== ACTIVITY ==
If a line of the data below holds the word "linetypes", list it.

════════════════════

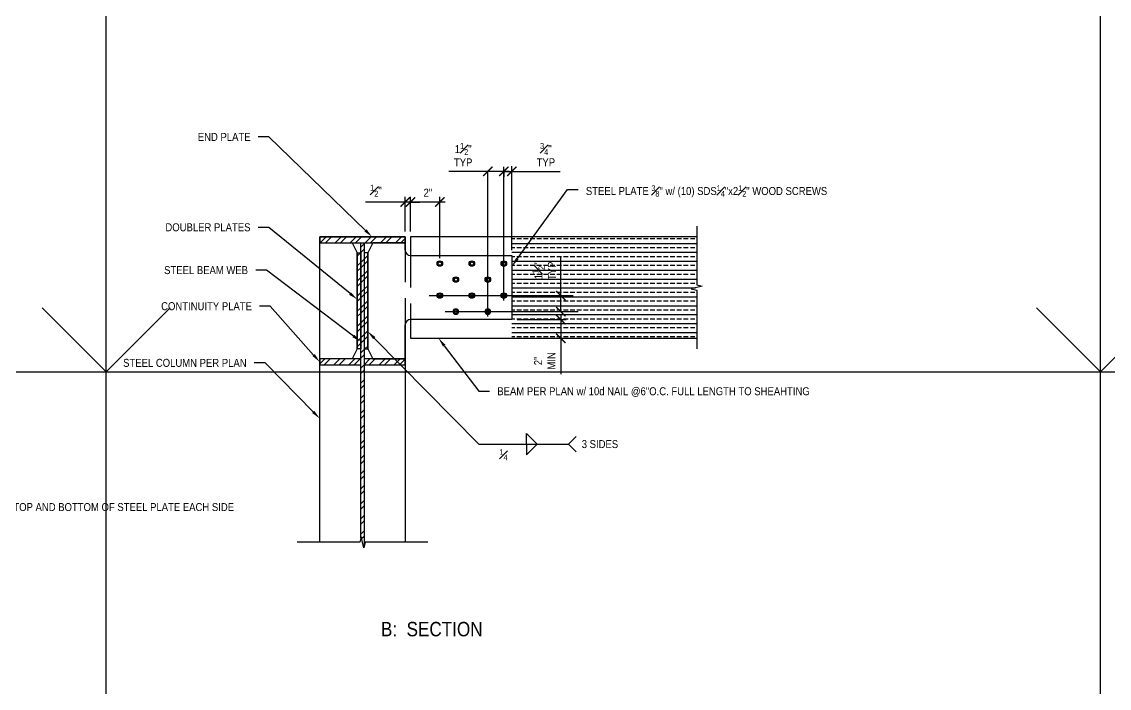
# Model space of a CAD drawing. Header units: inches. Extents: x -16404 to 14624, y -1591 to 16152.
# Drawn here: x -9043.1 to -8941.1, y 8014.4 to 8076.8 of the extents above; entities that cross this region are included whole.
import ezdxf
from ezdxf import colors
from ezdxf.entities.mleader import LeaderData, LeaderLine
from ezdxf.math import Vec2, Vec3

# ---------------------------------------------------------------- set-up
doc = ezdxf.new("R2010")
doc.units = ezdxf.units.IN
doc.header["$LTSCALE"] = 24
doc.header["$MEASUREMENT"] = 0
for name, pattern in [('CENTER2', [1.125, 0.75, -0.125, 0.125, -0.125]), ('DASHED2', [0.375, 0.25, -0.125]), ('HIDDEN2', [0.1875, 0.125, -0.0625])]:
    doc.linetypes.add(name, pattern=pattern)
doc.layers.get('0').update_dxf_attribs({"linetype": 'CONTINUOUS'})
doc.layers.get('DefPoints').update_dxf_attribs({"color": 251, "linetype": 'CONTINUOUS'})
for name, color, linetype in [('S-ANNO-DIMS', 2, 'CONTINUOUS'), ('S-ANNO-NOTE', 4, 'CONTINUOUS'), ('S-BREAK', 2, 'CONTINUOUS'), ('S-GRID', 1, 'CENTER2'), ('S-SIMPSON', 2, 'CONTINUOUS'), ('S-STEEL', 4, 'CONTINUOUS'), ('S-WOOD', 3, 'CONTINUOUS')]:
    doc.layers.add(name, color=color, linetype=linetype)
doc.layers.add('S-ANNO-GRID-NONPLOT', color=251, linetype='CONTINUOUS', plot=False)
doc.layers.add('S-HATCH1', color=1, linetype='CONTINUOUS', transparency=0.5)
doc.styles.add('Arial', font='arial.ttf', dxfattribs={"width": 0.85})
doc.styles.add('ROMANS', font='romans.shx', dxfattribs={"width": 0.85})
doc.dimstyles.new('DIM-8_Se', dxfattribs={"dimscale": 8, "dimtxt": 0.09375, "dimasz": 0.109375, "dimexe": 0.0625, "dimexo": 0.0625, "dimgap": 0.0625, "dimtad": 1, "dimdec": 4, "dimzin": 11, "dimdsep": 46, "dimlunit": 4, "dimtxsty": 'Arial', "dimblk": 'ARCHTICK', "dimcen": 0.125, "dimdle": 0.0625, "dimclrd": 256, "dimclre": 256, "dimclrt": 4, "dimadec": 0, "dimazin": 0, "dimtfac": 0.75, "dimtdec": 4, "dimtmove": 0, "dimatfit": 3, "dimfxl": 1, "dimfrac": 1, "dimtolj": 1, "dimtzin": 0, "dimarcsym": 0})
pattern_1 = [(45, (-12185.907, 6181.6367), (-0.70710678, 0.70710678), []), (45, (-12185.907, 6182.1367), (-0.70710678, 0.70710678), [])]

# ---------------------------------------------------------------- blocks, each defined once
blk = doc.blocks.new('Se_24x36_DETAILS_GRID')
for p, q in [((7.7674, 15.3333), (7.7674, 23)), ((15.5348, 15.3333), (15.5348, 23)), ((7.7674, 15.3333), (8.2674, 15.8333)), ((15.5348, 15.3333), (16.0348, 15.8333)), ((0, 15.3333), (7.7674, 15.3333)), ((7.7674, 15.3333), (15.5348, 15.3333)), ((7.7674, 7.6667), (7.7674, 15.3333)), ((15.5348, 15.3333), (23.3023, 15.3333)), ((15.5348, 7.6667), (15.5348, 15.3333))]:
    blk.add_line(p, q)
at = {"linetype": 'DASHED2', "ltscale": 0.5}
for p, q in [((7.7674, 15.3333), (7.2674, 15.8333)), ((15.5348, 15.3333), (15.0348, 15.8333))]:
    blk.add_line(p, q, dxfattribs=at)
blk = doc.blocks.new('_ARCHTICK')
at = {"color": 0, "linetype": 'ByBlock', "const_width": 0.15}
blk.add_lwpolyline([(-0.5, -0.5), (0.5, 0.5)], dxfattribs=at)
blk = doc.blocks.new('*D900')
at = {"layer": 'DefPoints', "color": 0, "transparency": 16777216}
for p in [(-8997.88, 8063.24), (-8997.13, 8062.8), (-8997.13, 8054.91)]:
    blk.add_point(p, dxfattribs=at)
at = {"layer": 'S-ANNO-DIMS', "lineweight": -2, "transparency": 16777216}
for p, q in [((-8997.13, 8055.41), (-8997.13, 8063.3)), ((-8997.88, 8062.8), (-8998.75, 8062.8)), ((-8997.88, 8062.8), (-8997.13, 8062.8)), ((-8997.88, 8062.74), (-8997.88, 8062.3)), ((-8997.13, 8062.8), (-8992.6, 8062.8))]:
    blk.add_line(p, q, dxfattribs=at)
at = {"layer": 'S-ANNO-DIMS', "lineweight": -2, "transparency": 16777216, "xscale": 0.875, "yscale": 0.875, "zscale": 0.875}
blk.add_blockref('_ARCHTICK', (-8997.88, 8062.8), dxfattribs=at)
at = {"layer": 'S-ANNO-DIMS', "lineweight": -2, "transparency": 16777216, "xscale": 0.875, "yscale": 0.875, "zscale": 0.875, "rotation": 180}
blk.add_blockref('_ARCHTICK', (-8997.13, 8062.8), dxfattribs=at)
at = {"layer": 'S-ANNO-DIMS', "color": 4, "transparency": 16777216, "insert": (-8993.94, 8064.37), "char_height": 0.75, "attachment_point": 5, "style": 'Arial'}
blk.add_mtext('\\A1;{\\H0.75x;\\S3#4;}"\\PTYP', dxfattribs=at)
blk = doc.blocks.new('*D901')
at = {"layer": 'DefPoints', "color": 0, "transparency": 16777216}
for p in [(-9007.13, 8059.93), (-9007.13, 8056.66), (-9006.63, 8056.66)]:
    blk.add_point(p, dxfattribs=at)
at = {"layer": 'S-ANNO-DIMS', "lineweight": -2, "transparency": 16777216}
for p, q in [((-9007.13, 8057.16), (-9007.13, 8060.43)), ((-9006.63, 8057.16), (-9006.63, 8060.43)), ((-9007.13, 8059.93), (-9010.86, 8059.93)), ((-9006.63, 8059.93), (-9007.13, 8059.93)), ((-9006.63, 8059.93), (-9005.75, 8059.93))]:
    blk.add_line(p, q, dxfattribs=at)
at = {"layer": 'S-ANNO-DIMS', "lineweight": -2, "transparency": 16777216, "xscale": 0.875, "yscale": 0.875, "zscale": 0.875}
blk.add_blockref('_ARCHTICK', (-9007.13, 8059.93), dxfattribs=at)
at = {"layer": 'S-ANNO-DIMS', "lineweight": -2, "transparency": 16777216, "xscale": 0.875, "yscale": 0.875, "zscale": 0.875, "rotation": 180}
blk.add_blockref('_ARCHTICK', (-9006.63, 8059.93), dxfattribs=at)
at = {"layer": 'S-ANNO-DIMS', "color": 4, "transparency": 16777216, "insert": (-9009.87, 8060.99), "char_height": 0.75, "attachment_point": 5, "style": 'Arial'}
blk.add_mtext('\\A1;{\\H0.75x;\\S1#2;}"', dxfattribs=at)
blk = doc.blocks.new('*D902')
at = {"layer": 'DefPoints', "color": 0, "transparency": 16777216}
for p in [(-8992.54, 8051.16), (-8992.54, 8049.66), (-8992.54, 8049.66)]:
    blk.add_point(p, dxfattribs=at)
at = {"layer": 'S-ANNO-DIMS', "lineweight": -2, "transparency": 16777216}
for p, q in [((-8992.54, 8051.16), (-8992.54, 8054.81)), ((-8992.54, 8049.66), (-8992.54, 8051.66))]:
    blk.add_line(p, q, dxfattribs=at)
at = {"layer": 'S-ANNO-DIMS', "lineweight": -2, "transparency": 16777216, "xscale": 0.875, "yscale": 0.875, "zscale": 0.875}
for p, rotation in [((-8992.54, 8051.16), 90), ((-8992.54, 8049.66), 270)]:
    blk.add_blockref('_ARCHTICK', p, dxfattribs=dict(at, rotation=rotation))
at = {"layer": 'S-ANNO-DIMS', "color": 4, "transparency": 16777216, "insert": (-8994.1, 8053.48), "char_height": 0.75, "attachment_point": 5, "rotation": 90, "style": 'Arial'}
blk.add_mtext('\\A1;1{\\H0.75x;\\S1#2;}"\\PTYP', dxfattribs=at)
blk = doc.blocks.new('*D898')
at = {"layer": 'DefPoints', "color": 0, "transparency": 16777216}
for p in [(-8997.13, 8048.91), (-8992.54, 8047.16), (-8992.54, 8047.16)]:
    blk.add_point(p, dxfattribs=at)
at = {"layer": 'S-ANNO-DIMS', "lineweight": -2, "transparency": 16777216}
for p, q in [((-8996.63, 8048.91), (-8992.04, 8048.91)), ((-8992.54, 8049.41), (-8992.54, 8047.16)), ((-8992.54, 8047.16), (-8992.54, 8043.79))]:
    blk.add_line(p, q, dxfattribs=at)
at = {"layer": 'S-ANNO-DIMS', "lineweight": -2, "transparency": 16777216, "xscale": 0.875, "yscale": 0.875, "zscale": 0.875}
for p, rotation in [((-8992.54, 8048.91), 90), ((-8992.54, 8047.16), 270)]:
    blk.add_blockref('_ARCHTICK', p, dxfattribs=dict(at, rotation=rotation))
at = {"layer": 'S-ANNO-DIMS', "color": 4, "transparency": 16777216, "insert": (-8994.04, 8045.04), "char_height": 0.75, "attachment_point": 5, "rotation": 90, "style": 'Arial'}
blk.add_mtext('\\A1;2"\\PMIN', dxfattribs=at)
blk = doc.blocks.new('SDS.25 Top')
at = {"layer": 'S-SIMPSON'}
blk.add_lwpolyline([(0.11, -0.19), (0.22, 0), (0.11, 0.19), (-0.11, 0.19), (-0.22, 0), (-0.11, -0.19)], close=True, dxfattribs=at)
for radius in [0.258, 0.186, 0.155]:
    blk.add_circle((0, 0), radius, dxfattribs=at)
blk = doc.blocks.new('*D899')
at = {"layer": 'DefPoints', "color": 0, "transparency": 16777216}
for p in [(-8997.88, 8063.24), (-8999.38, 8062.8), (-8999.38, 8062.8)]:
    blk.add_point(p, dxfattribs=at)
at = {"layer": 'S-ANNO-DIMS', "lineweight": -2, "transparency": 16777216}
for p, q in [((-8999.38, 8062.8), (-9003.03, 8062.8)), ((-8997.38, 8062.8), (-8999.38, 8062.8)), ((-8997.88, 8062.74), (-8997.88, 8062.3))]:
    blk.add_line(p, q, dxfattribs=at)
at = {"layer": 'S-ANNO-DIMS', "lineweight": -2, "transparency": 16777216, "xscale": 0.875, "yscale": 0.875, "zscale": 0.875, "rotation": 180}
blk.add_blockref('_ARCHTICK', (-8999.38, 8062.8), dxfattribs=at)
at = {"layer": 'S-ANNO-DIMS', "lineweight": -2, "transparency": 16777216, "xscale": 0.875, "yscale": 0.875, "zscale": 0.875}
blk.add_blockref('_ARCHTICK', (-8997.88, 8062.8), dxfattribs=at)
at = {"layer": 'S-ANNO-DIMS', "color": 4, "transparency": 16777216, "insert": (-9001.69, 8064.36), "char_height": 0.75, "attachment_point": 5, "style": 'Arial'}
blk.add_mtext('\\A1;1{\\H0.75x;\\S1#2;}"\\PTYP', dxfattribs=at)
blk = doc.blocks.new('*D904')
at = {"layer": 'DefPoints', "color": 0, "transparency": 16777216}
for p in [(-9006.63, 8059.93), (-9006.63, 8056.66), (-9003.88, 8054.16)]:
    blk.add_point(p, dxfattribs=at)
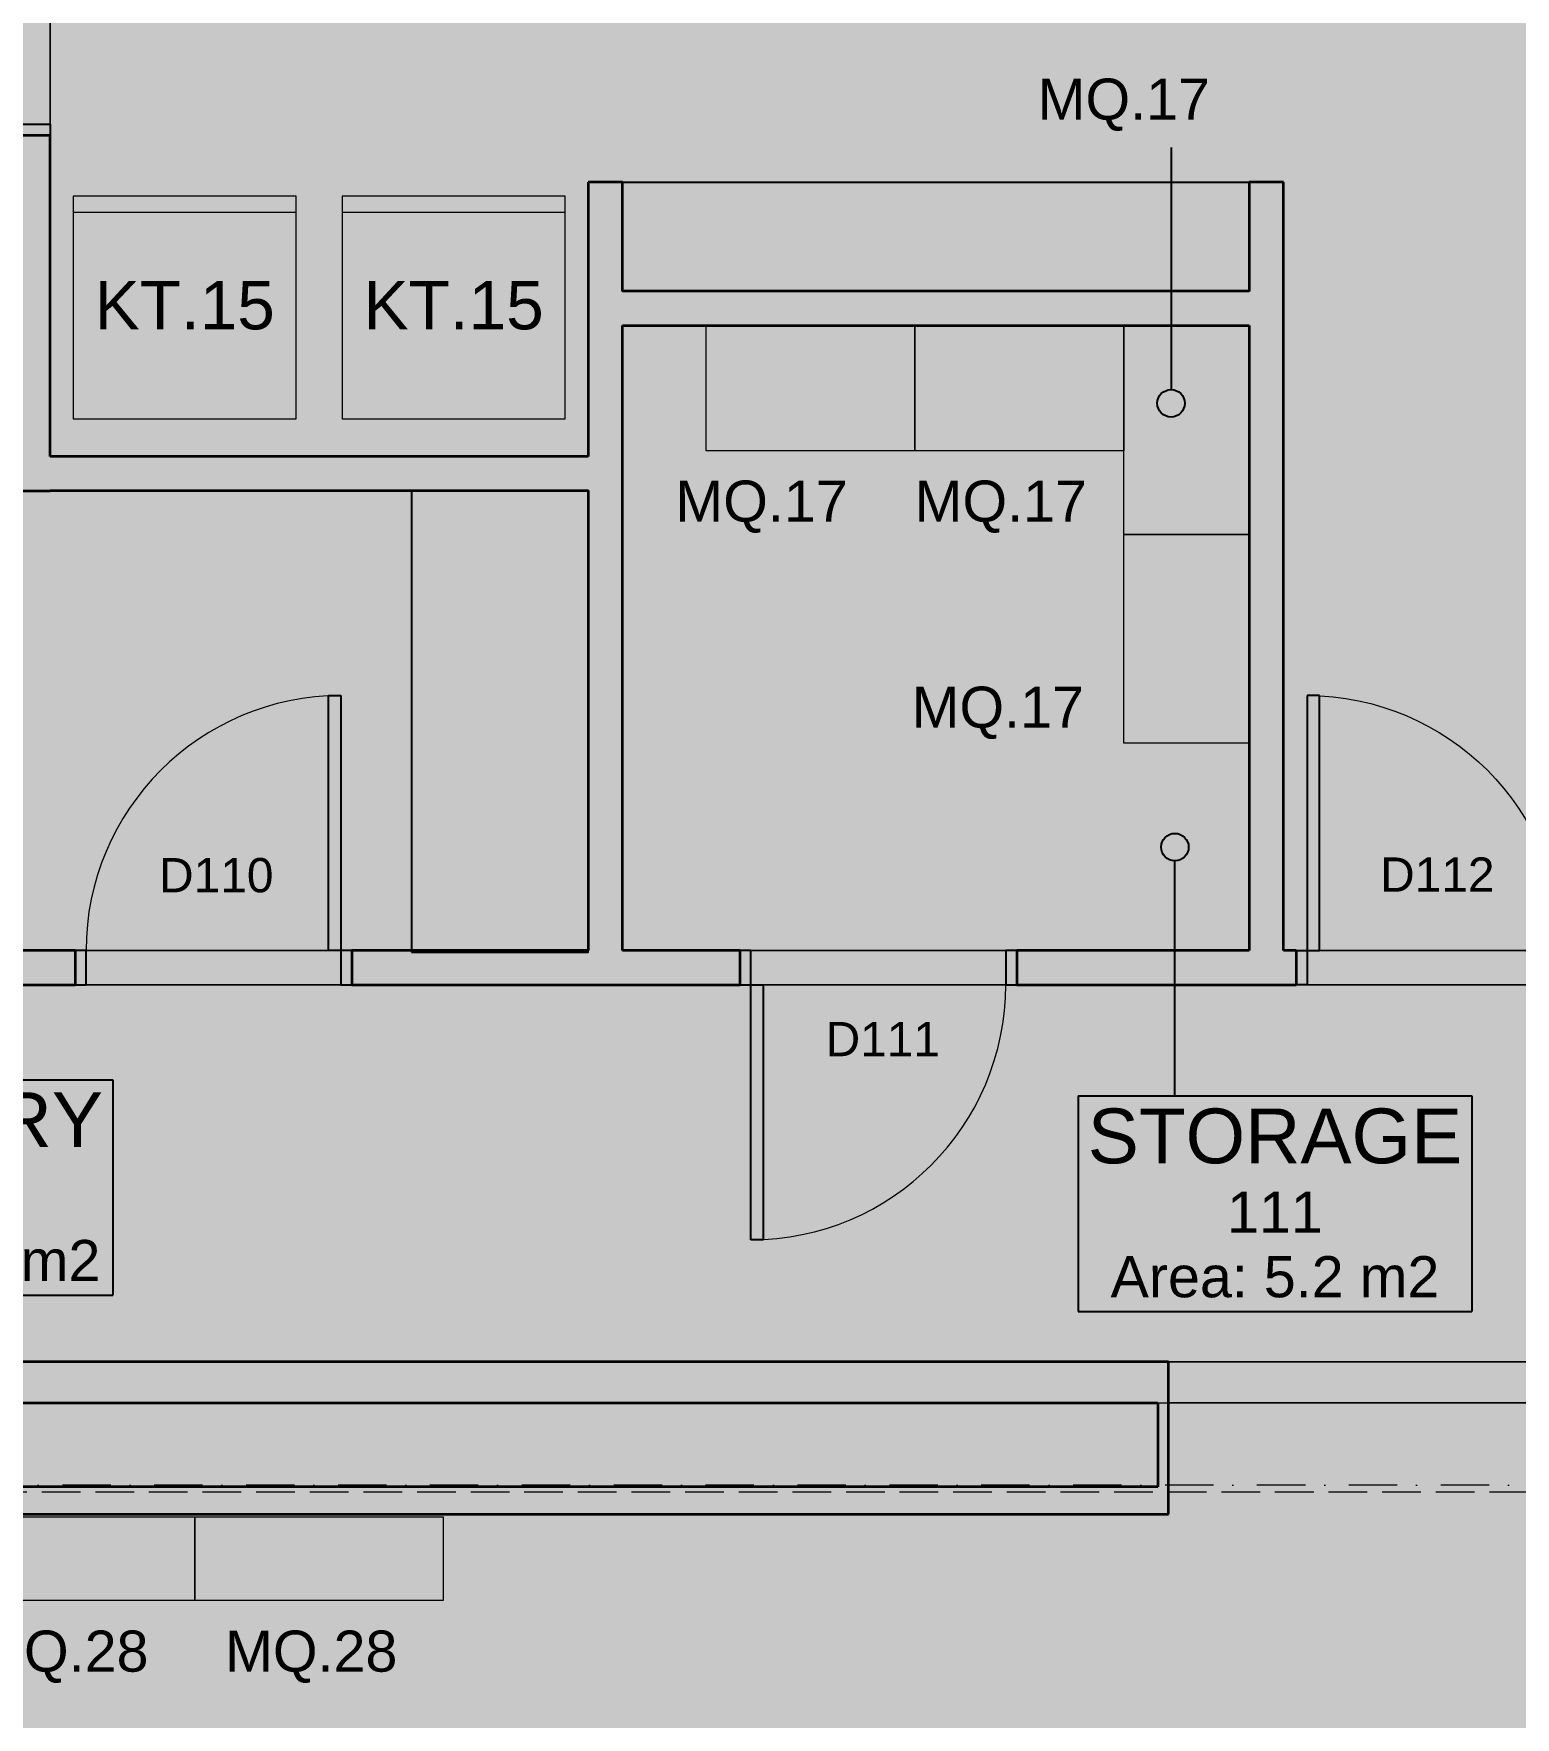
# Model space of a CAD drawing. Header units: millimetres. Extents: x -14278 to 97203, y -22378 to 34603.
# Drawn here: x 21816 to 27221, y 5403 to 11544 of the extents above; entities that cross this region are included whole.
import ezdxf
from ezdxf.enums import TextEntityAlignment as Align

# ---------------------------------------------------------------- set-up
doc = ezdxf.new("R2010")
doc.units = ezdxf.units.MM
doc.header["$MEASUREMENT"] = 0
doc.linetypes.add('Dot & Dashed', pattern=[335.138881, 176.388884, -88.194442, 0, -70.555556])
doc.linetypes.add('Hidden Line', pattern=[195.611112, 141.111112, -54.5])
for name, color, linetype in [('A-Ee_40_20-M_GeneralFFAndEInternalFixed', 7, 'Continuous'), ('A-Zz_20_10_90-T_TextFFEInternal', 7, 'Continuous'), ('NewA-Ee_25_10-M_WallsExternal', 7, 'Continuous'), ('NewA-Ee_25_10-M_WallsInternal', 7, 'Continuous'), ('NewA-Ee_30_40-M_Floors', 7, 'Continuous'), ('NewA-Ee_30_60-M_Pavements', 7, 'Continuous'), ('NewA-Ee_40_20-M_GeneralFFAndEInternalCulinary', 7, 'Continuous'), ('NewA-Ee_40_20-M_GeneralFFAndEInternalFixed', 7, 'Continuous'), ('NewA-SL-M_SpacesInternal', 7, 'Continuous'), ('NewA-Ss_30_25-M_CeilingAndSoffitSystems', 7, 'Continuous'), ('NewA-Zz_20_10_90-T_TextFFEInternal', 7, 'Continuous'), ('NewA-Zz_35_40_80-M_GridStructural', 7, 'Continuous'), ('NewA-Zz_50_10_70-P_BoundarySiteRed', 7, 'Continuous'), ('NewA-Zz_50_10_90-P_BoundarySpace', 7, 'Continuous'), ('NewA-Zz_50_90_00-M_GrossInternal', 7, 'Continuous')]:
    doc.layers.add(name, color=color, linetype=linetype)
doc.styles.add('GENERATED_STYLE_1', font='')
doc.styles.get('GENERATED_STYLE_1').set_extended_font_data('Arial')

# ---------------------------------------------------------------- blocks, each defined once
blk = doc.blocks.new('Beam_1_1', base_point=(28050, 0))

════════════════════

== RESPONSE TO THE TASK ==
    doc.linetypes.add(name, pattern=pattern)
doc.linetypes.add('Dot & Dashed', pattern=[335.138881, 176.388884, -88.194442, 0, -70.555556])
doc.linetypes.add('Hidden Line', pattern=[195.611112, 141.111112, -54.5])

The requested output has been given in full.